Two days after Canadian Pacific Railway shut down its rail network amid a labor dispute with more than 3,000 of its Teamsters-represented employees, the impacts to the supply chain are just getting started.
The loss of Canada’s second-largest freight rail operator has stalled shipments of everything from grain to containers full of electronics headed to cities across Canada and the U.S. And it will soon inevitably bring backups to ports, including Vancouver, British Columbia, and Montreal.
“This is hell on wheels,” said Manny Calandrino, president and CEO of Consolidated Fastfrate, a Toronto-area-based LTL carrier that has long-standing partnership with CP and is co-located at its intermodal facilities in Canada.
As of Monday evening, CP and Teamsters Canada Rail Conference remained in talks with federal mediators. Engineers, conductors and yard workers picketed outside CP rail facilities across Canada.
Apart from the underlying contract dispute over pay and pensions, the two sides are also at odds over whether CP locked out the 3,000 workers or the union began a strike early Sunday.
CP and Teamsters Canada declined to comment on the impacts of the rail network shut down. A spokesperson for CP said the company “remains at the table.”
‘A landlocked and bottlenecked supply chain’ in the making
In Canada, CP’s rail network stretches from Vancouver to Montreal, and in the U.S. it reaches key U.S. markets including Chicago, New York and Minneapolis. The railroad also provides an essential link to the ports of Vancouver and Montreal — Canada’s busiest — through on-dock access.
Both the Vancouver and Montreal port authorities said they are continuing to monitor the situation.
The consequences of disrupting those rail links with the ports can quickly cascade into something larger. In December, landslides cut off CN and CP’s main lines serving Vancouver. At one point 60 ships were waiting to dock in Vancouver as a result.
While just CP is affected, the current disruption is playing out over a much wider swath of the supply chain. And there are simply no relief valves.
“You only have a matter of days, if not hours, before you have a landlocked and bottlenecked supply chain on top of everything else that has been contributing to the quagmire over the past several years,” said Julia Kuzeljevich, spokesperson for the Canadian International Freight Forwarders Association.
Calandrino said his customers are left with few options, since there’s little capacity on CN’s rails. Some are willing to pay rates of four to five times those of rail to have freight moved by truck, which Fastfrate contracts out. But many aren’t.
“They’re going to try holding it for a bit on their own, in their own warehouses, and not ship until this is over,” he said. “But that leads to more delays.”
The shutdown adds to a long list of disruptions. There was the blockade of the busiest commercial border between the Ambassador Bridge in February, the landslides in British Columbia in December and the Montreal port strike in April.
“We really didn’t need this one,” Calandrino said.
Feds could turn to back-to-work legislation
Before COVID, in November 2019, CN rail workers went on a weeklong strike. In that case, CN and the Teamsters Canada Rail Conference reached an agreement.
But it’s not clear what will happen this time.

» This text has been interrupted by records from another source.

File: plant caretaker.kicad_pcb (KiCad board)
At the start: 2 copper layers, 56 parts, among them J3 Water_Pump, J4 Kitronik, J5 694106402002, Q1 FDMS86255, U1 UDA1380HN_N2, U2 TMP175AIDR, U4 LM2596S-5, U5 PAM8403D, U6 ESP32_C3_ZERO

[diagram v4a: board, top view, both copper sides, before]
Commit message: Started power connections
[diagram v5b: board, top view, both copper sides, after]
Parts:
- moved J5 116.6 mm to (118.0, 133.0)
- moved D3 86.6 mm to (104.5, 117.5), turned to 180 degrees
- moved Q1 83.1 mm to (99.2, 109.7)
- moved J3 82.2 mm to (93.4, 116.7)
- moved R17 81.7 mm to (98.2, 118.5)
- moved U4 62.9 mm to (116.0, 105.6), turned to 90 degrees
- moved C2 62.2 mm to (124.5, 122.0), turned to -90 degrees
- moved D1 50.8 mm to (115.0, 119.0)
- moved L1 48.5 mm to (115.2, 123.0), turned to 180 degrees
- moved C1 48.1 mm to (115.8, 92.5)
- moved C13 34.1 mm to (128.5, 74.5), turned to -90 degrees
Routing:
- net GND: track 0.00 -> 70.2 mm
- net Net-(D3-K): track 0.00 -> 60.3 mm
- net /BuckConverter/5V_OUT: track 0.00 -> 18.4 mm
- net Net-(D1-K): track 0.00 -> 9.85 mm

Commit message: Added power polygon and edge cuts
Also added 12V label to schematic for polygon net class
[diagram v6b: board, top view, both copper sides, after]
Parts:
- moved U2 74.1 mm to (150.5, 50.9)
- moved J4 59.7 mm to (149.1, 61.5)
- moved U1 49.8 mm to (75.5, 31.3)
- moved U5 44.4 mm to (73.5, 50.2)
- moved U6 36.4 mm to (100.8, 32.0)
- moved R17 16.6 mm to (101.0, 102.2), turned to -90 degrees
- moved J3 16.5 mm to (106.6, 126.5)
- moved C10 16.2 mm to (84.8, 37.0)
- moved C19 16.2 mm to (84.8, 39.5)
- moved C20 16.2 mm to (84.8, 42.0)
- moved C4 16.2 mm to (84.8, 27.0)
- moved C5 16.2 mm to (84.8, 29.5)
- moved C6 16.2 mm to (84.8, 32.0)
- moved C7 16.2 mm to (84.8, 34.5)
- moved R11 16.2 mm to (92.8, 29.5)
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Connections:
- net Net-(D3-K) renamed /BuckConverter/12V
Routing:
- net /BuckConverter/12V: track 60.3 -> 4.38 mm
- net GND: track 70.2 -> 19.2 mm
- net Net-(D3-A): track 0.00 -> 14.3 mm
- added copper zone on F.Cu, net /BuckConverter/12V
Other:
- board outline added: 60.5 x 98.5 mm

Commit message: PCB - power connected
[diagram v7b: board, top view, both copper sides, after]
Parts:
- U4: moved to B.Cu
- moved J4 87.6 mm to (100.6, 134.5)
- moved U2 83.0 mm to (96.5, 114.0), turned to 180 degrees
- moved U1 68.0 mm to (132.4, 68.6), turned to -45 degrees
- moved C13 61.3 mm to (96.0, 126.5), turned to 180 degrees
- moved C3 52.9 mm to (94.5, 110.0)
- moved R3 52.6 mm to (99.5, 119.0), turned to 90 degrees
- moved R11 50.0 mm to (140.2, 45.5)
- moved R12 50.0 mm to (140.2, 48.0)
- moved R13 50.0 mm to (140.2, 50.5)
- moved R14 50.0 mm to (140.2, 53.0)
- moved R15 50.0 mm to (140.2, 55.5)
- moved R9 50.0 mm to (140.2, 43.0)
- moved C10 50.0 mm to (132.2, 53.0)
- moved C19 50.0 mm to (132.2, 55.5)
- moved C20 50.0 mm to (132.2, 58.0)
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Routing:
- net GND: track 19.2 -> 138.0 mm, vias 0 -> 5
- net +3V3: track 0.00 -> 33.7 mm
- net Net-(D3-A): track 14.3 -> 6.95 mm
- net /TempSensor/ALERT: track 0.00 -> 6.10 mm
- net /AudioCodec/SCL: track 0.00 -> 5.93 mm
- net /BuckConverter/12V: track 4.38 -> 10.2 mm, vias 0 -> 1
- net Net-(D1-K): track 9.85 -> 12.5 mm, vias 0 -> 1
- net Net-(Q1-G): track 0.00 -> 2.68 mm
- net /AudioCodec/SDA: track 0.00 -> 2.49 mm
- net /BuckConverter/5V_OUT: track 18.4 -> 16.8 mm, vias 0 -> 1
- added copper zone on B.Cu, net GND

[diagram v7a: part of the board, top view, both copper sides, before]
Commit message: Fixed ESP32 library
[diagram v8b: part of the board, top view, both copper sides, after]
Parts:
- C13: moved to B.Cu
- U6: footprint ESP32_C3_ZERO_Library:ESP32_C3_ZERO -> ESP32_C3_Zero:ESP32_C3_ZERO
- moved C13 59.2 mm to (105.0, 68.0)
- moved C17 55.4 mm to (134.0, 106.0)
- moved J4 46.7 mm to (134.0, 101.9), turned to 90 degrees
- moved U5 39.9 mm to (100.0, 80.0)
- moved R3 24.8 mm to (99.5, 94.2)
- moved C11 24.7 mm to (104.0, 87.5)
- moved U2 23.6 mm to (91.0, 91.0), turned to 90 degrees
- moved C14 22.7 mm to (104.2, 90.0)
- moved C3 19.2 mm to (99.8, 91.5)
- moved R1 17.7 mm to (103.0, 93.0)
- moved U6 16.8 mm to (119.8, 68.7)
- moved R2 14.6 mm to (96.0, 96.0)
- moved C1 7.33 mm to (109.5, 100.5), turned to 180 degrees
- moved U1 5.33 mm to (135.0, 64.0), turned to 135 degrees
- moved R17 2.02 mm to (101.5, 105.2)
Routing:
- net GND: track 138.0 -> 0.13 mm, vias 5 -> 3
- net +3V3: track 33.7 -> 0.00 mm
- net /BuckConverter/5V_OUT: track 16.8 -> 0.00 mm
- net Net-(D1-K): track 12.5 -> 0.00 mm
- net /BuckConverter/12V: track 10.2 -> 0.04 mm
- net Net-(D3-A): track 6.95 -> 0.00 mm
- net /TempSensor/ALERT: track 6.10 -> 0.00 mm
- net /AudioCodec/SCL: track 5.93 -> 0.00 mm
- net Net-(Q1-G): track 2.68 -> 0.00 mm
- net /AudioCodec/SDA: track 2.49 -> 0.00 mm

There have already been calls from multiple industry groups to legislate the CP workers back to work.
Canadian labor law expert Sara Slinn, a professor at Osgoode Hall Law School at York University, said there is a “very good likelihood that the government will entertain back-to-work legislation” because of the ongoing strains in the supply chain, and fears over commodity shortages because of the war in Ukraine.
“Supply chain disruptions and price problems and inflation and scarcity have been the forefront of the news for a long, long time and really blew up with those more recent events,” she said.
For now, Prime Minister Justin Trudeau’s minister of labor, Seamus O’Regan, is continuing to urge CP and the Teamsters to hash things out.
“We have faith in their ability to reach an agreement,” O’Regan said in a statement. “Canadians expect them to do that ASAP.”